Here's something else that makes this story even more interesting: Bred by Haras Abolengo, Candy Ride, who isn't a particularly eye-catching or sizable individual, had several veterinary issues and twice failed examinations before selling to Gumercindo Alonzo for the equivalent of $12,000 as a yearling. Nonetheless, he was an exceptional if brittle racehorse, undefeated in three starts in Argentina and three starts in North America.

At stud, Candy Ride had a great affinity for mares with Storm Cat in their pedigrees, and Gun Runner, who's from a Giant's Causeway mare, is one such example.

This same affinity for Storm Cat is evident in Gun Runner's early success as well. Early Voting's second dam is by Storm Cat, who's also in the pedigrees of two other Grade l winners by the stallion. In fact, five of Gun Runner's Graded winners have Storm Cat in their pedigrees, and altogether six of his 11 black-type winners do.

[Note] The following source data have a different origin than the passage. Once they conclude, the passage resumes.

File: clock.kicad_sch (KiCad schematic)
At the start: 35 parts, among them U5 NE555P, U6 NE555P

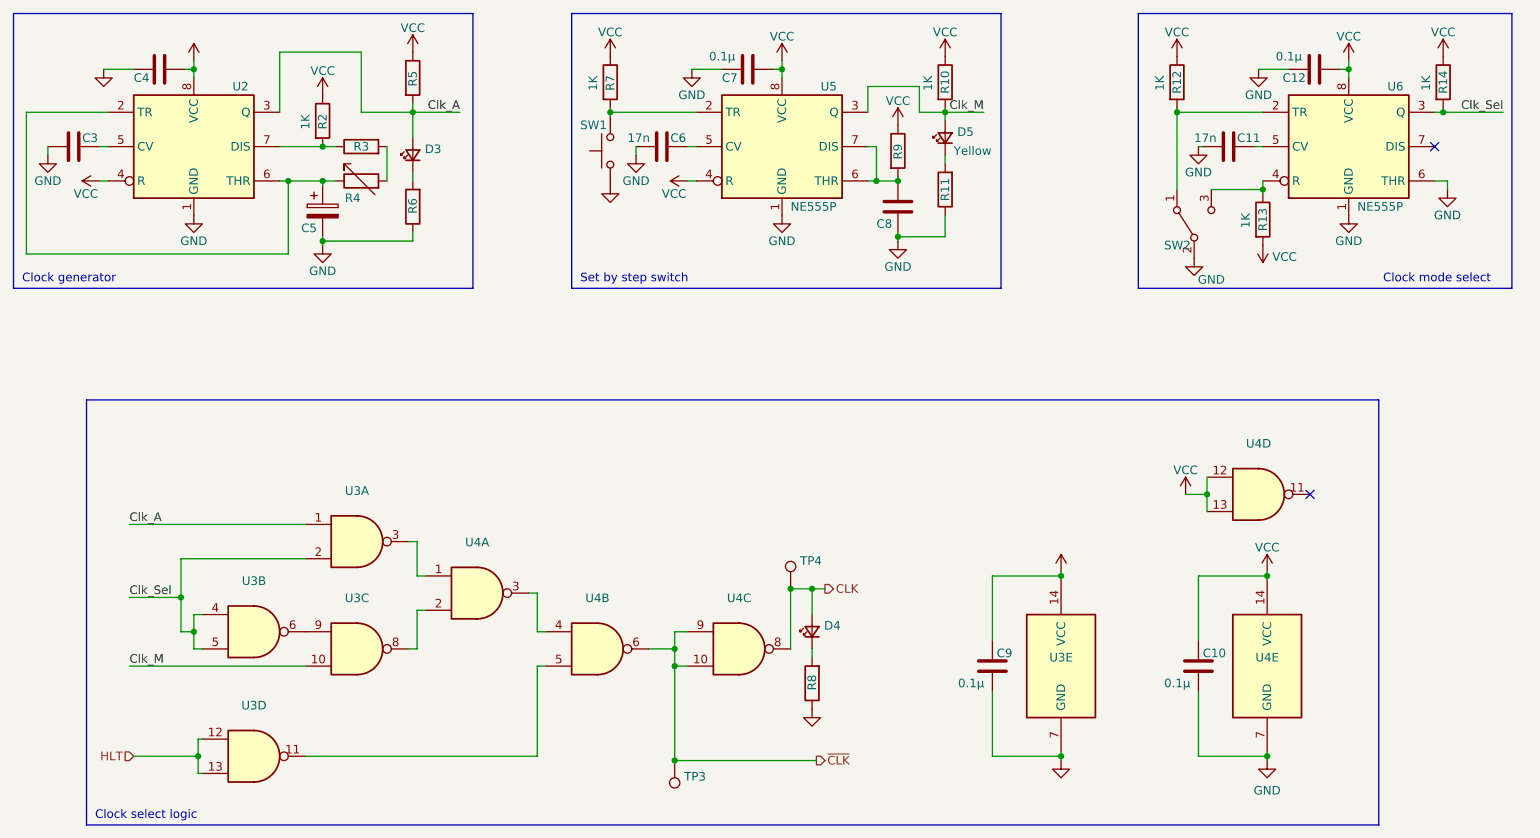
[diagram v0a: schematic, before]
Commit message: 🚧 replace power supply with USB-C socket
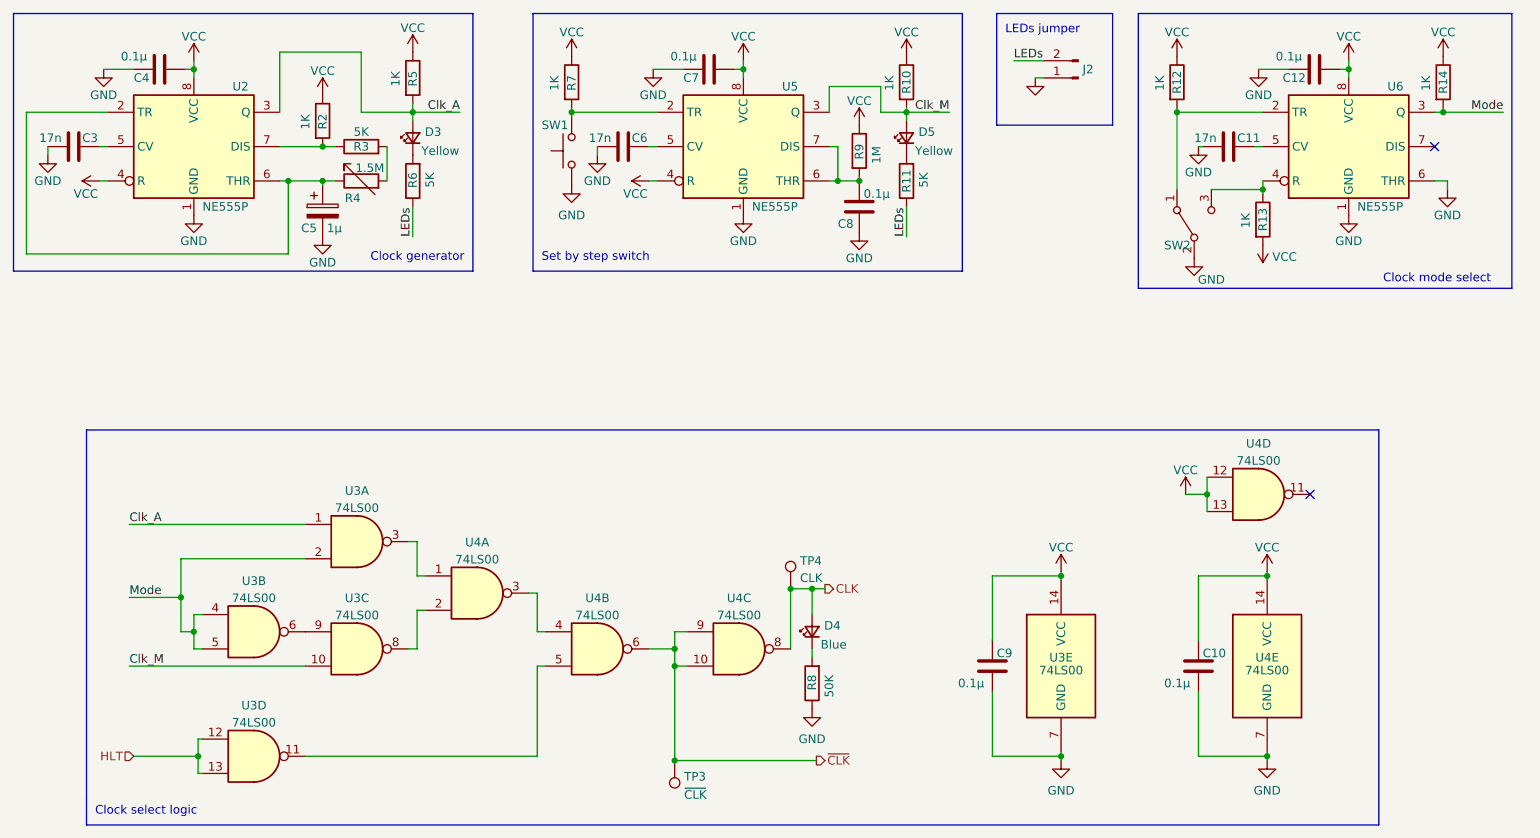
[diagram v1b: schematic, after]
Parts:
- added J2: (no value), symbol Connector:Conn_01x02_Male
- C10, C12, C7, C9: footprint (none) -> Capacitor_THT:C_Rect_L4.6mm_W2.0mm_P2.50mm_MKS02_FKP02
- C11, C6: footprint (none) -> Capacitor_THT:C_Disc_D3.0mm_W1.6mm_P2.50mm
- C3: value (none) -> 17n; footprint (none) -> Capacitor_THT:C_Disc_D3.0mm_W1.6mm_P2.50mm
- C4, C8: value (none) -> 0.1µ; footprint (none) -> Capacitor_THT:C_Rect_L4.6mm_W2.0mm_P2.50mm_MKS02_FKP02
- C5: value (none) -> 1µ; footprint (none) -> Capacitor_THT:CP_Radial_D5.0mm_P2.00mm
- D3: value (none) -> Yellow; footprint (none) -> LED_THT:LED_D5.0mm
- D4: value (none) -> Blue; footprint (none) -> LED_THT:LED_D5.0mm
- D5: footprint (none) -> LED_THT:LED_D5.0mm
- R10, R12, R13, R14, R2, R7: footprint (none) -> Resistor_THT:R_Axial_DIN0204_L3.6mm_D1.6mm_P5.08mm_Horizontal
- R11, R3, R6: value (none) -> 5K; footprint (none) -> Resistor_THT:R_Axial_DIN0204_L3.6mm_D1.6mm_P5.08mm_Horizontal
- R4: value (none) -> 1.5M; footprint (none) -> Potentiometer_THT:Potentiometer_Vishay_T73YP_Vertical
- R5: value (none) -> 1K; footprint (none) -> Resistor_THT:R_Axial_DIN0204_L3.6mm_D1.6mm_P5.08mm_Horizontal
- R8: value (none) -> 50K; footprint (none) -> Resistor_THT:R_Axial_DIN0204_L3.6mm_D1.6mm_P5.08mm_Horizontal
- R9: value (none) -> 1M; footprint (none) -> Resistor_THT:R_Axial_DIN0204_L3.6mm_D1.6mm_P5.08mm_Horizontal
- SW1: value (none) -> Clock step; footprint (none) -> Button_Switch_THT:SW_PUSH_6mm
- TP3: value (none) -> ~{CLK}; footprint (none) -> TestPoint:TestPoint_Loop_D2.60mm_Drill1.4mm_Beaded
- TP4: value (none) -> CLK; footprint (none) -> TestPoint:TestPoint_Loop_D2.60mm_Drill1.4mm_Beaded
- U2: value (none) -> NE555P; footprint (none) -> Package_DIP:DIP-8_W7.62mm
- U3, U4: value (none) -> 74LS00; footprint (none) -> Package_DIP:DIP-14_W7.62mm_LongPads
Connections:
- net GND: now also J2.1 (Pin_1); no longer R11.1, R6.1
- net Clk_Sel renamed Mode
- new net LEDs: J2.2 (Pin_2), R11.1, R6.1
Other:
- note added: "LEDs jumper"
- moved on the sheet: C6, C7, C8, D3, D5, R10, R11, R6, R7, R9, SW1, U5

After Gun Runner was first retired to Three Chimneys, I had the opportunity to inspect him and was struck by how balanced he was, so much so that he didn't appear to the eye to be as tall as the 16.2 hands he is. At the time, he was five and had furnished significantly from his days as a somewhat immature-looking 3-year-old, but nonetheless he carried some refinement to him that seemed as if it would complement more muscular physiques, like the ones provided by Storm Cat. It made sense then, and judging by results, it makes sense now.

Sid Fernando is president and CEO of Werk Thoroughbred Consultants, Inc., originator of the Werk Nick Rating and eNicks.